# how much is a circle y worth?



## QHDragon (Mar 6, 2009)

I have an older model Circle Y saddle sitting in my parent's basement and they have told me that it has got to go. How much are these saddles generally worth? I will try to get pictures of it when I go home next, if I remember correctly it was in super good shape and was completly covered in tooling and was a dark havana color. I don't think it had any silver on it. I got it when I bought my QH three years ago for a song from a woman I worked for and it ended up not fitting him (or me very well for that matter).


----------



## Sunny06 (Jun 22, 2009)

Circle Ys are expensive. You should get good money for it when it is all cleaned up  Most of them around here are in the $1000s.


----------



## Tennessee (Dec 7, 2008)

You can probably get $800+ for it if it is still in good condition.


----------



## mls (Nov 28, 2006)

It should have a serial number on it. Look up the model and year manufactured.

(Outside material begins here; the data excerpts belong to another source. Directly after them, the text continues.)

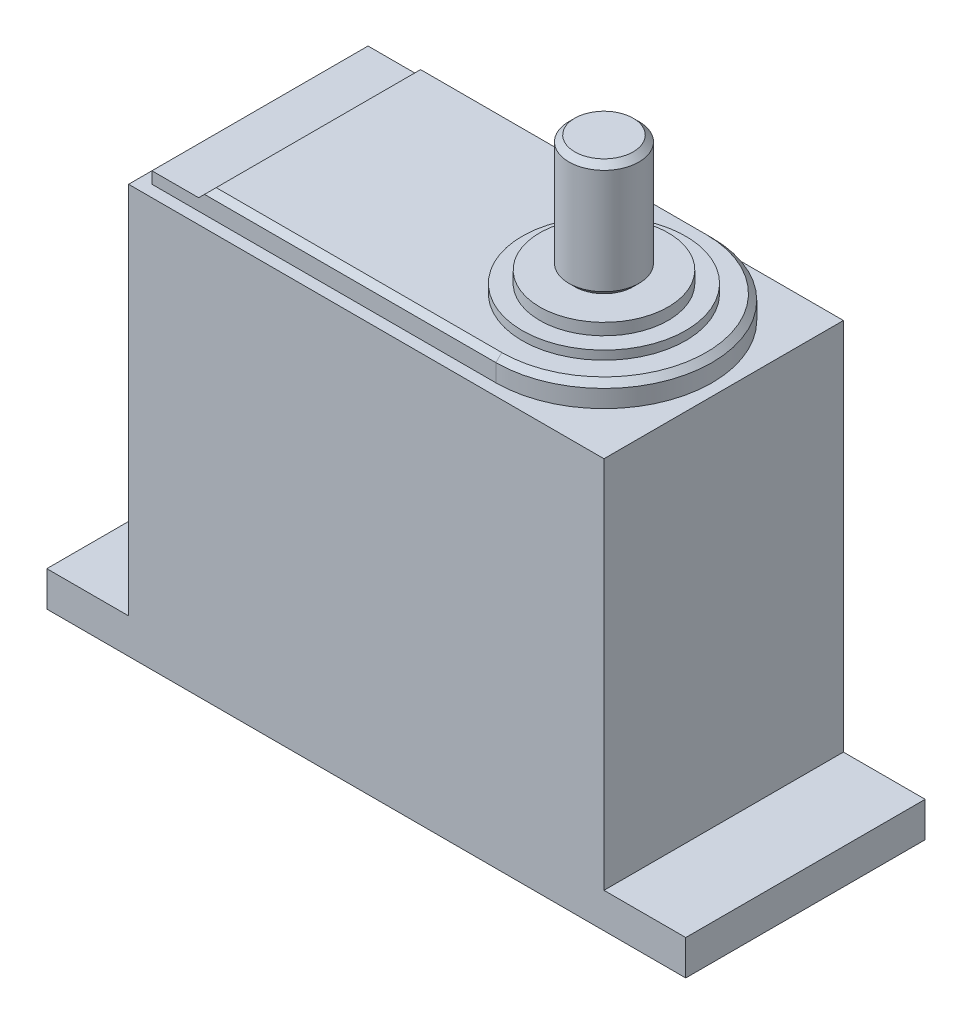
ISO-10303-21;
HEADER;
FILE_DESCRIPTION(('STEP AP214'),'2;1');
FILE_NAME('part.step','',(''),(''),'','','');
FILE_SCHEMA(('AUTOMOTIVE_DESIGN { 1 0 10303 214 1 1 1 1 }'));
ENDSEC;
DATA;
#1=APPLICATION_CONTEXT('core data for automotive mechanical design processes');
#2=APPLICATION_PROTOCOL_DEFINITION('international standard','automotive_design',2000,#1);
#3=PRODUCT_CONTEXT('',#1,'mechanical');
#4=PRODUCT('Part','Part','',(#3));
#5=PRODUCT_RELATED_PRODUCT_CATEGORY('part','',(#4));
#6=PRODUCT_DEFINITION_FORMATION('','',#4);
#7=PRODUCT_DEFINITION_CONTEXT('part definition',#1,'design');
#8=PRODUCT_DEFINITION('design','',#6,#7);
#9=PRODUCT_DEFINITION_SHAPE('','',#8);
#10=(LENGTH_UNIT() NAMED_UNIT(*) SI_UNIT(.MILLI.,.METRE.));
#11=(NAMED_UNIT(*) PLANE_ANGLE_UNIT() SI_UNIT($,.RADIAN.));
#12=(NAMED_UNIT(*) SI_UNIT($,.STERADIAN.) SOLID_ANGLE_UNIT());
#13=UNCERTAINTY_MEASURE_WITH_UNIT(LENGTH_MEASURE(1.E-05),#10,'distance_accuracy_value','');
#14=(GEOMETRIC_REPRESENTATION_CONTEXT(3) GLOBAL_UNCERTAINTY_ASSIGNED_CONTEXT((#13)) GLOBAL_UNIT_ASSIGNED_CONTEXT((#10,
#11,#12)) REPRESENTATION_CONTEXT('',''));
#15=CARTESIAN_POINT('',(0.,0.,0.));
#16=DIRECTION('',(0.,0.,1.));
#17=DIRECTION('',(1.,0.,0.));
#18=AXIS2_PLACEMENT_3D('',#15,#16,#17);
#19=CARTESIAN_POINT('',(10.1,21.25,0.));
#20=DIRECTION('',(0.,1.,0.));
#21=DIRECTION('',(0.,0.,1.));
#22=AXIS2_PLACEMENT_3D('',#19,#20,#21);
#23=PLANE('',#22);
#24=CARTESIAN_POINT('',(10.1,21.25,0.));
#25=DIRECTION('',(0.,1.,0.));
#26=DIRECTION('',(0.,0.,1.));
#27=AXIS2_PLACEMENT_3D('',#24,#25,#26);
#28=CIRCLE('',#27,5.5);
#29=CARTESIAN_POINT('',(10.1,21.25,5.5));
#30=VERTEX_POINT('',#29);
#31=EDGE_CURVE('E232',#30,#30,#28,.T.);
#32=ORIENTED_EDGE('',*,*,#31,.T.);
#33=EDGE_LOOP('',(#32));
#34=FACE_BOUND('',#33,.T.);
#35=CARTESIAN_POINT('',(10.1,21.25,0.));
#36=DIRECTION('',(0.,1.,0.));
#37=DIRECTION('',(0.,0.,1.));
#38=AXIS2_PLACEMENT_3D('',#35,#36,#37);
#39=CIRCLE('',#38,2.5);
#40=CARTESIAN_POINT('',(10.1,21.25,2.5));
#41=VERTEX_POINT('',#40);
#42=EDGE_CURVE('E223',#41,#41,#39,.T.);
#43=ORIENTED_EDGE('',*,*,#42,.F.);
#44=EDGE_LOOP('',(#43));
#45=FACE_BOUND('',#44,.T.);
#46=ADVANCED_FACE('F34',(#34,#45),#23,.T.);
#47=CARTESIAN_POINT('',(10.1,20.25,0.));
#48=DIRECTION('',(0.,1.,0.));
#49=DIRECTION('',(0.,0.,1.));
#50=AXIS2_PLACEMENT_3D('',#47,#48,#49);
#51=PLANE('',#50);
#52=CARTESIAN_POINT('',(10.1,20.25,0.));
#53=DIRECTION('',(0.,1.,0.));
#54=DIRECTION('',(0.,0.,1.));
#55=AXIS2_PLACEMENT_3D('',#52,#53,#54);
#56=CIRCLE('',#55,7.);
#57=CARTESIAN_POINT('',(10.1,20.25,7.));
#58=VERTEX_POINT('',#57);
#59=EDGE_CURVE('E238',#58,#58,#56,.T.);
#60=ORIENTED_EDGE('',*,*,#59,.T.);
#61=EDGE_LOOP('',(#60));
#62=FACE_BOUND('',#61,.T.);
#63=CARTESIAN_POINT('',(10.1,20.25,0.));
#64=DIRECTION('',(0.,1.,0.));
#65=DIRECTION('',(0.,0.,1.));
#66=AXIS2_PLACEMENT_3D('',#63,#64,#65);
#67=CIRCLE('',#66,5.5);
#68=CARTESIAN_POINT('',(10.1,20.25,5.5));
#69=VERTEX_POINT('',#68);
#70=EDGE_CURVE('E221',#69,#69,#67,.T.);
#71=ORIENTED_EDGE('',*,*,#70,.F.);
#72=EDGE_LOOP('',(#71));
#73=FACE_BOUND('',#72,.T.);
#74=ADVANCED_FACE('F327',(#62,#73),#51,.T.);
#75=CARTESIAN_POINT('',(10.1,19.5,0.));
#76=DIRECTION('',(0.,1.,0.));
#77=DIRECTION('',(0.,0.,1.));
#78=AXIS2_PLACEMENT_3D('',#75,#76,#77);
#79=PLANE('',#78);
#80=CARTESIAN_POINT('',(10.1,19.5,0.));
#81=DIRECTION('',(0.,1.,0.));
#82=DIRECTION('',(0.,0.,1.));
#83=AXIS2_PLACEMENT_3D('',#80,#81,#82);
#84=CIRCLE('',#83,8.75);
#85=CARTESIAN_POINT('',(10.1,19.5,8.75));
#86=VERTEX_POINT('',#85);
#87=CARTESIAN_POINT('',(10.1,19.5,-8.75000000000001));
#88=VERTEX_POINT('',#87);
#89=EDGE_CURVE('E202',#86,#88,#84,.T.);
#90=ORIENTED_EDGE('',*,*,#89,.T.);
#91=DIRECTION('',(-1.,0.,0.));
#92=VECTOR('',#91,1.);
#93=CARTESIAN_POINT('',(-14.35,19.5,-8.75000000000001));
#94=LINE('',#93,#92);
#95=CARTESIAN_POINT('',(-14.35,19.5,-8.75000000000001));
#96=VERTEX_POINT('',#95);
#97=EDGE_CURVE('E204',#88,#96,#94,.T.);
#98=ORIENTED_EDGE('',*,*,#97,.T.);
#99=DIRECTION('',(0.,0.,1.));
#100=VECTOR('',#99,1.);
#101=CARTESIAN_POINT('',(-14.35,19.5,-9.25));
#102=LINE('',#101,#100);
#103=CARTESIAN_POINT('',(-14.35,19.5,8.75000000000001));
#104=VERTEX_POINT('',#103);
#105=EDGE_CURVE('E256',#96,#104,#102,.T.);
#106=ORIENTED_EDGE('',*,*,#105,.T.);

If it's been in the basement - what shape is it in? The moldly, musty smell is very hard to get out of a saddle.


----------



## QHDragon (Mar 6, 2009)

I think I had it covered with some blankets and sitting up on a sawhorse. My parents basement isn't the typical basement though either, its actually all finished and could be a seperate apartment if they wanted to.

I'm not a western person, so I am not really familar with the brands, but wow, didn't know they went for so much!


----------



## iridehorses (Oct 22, 2007)

Circle Y has become an somewhat expensive saddle. The older ones are usually a good buy but value depends on condition, style, size, tree style, and age. Down here, I've seen nice Circle Y's selling used for anywhere from $300 to $900 depending on what I've mentioned. I've also seen some Circle Y's that aren't worth $50 but overall they sell well.


----------



## 7Ponies (May 21, 2009)

Truthfully, it's only worth what someone will pay you for it


----------



## luvs2ride1979 (Nov 9, 2007)

It's called Dark Oil, not havanah ;-).

Depending on the style, condition, seat size, and tree size, it could sell from $250-700. I haven't seen an older Circle Y go for any more than that in our current market.


----------



## QHDragon (Mar 6, 2009)

If I remember correctly I have the matching breast collar and it also has a rear girth...cinch...whatever it's called.  I'll post pictures sometime today to give a better idea of what it looks like. 

I appreciate all the help, like I said I am not a very good judge of western stuff and the prices on ebay are all over the place.


----------



## mom3tlc (Jul 11, 2009)

*circle y*

Did you post any pics??What size seat is it?What are the serialnumbers off of it..thanks Sandy


----------



## QHDragon (Mar 6, 2009)

All right, from what i can tell off the serial number it is not as old as I had thought. It was made in Jan or '00 and is a 16 inch seat. I can't seem to figure out what size the tree is from the serial though. It's a park and trail model.

Here are some pictures:































































this is the only thing wrong with it, but I'm sure it could be repaired.


----------



## luvs2ride1979 (Nov 9, 2007)

Looks like Full QH bars to me. In its condition and the year it was made, I'd say your value is about $300-400.


----------



## reining girl (Jan 30, 2009)

i would say $200-$300 being that the saddle is old. In my area one just like that sold for $150, but thats my area not sure about yours.


----------



## iridehorses (Oct 22, 2007)

I would estimate value to be in the $300 range on ebay. It's a well used saddle but it seems to have been taken care of. It may need a new sheepskin and some leather dye to bring it back but overall seems to be a nice using saddle.

I was at an auction last night and the tack was selling relatively cheap. If your saddle wasn't a Circle Y it would have brought ~$150 but due to the name I'm thinking more like $250.


----------



## luvs2ride1979 (Nov 9, 2007)

reining girl said:


> i would say $200-$300 being that the saddle is old. In my area one just like that sold for $150, but thats my area not sure about yours.


9yrs old is not old for a saddle.


----------



## iridehorses (Oct 22, 2007)

luvs2ride1979 said:


> 9yrs old is not old for a saddle.


Not at all. I just (stupidly) sold a custom saddle I had for over 12 years. I had thousands of trail miles on it but was in wonderful condition and it still brought nearly $1,000 - an outright sale from a dealer.


----------



## QHDragon (Mar 6, 2009)

I put it up on the classifieds here for 300. If I get no intrest then I will put it to the mercy of ebay. Parents made me drag it to my tiny studio so I really need it gone. It's a beautiful saddle, and the leather is babybottom soft, too bad its far too wide for my TB.


----------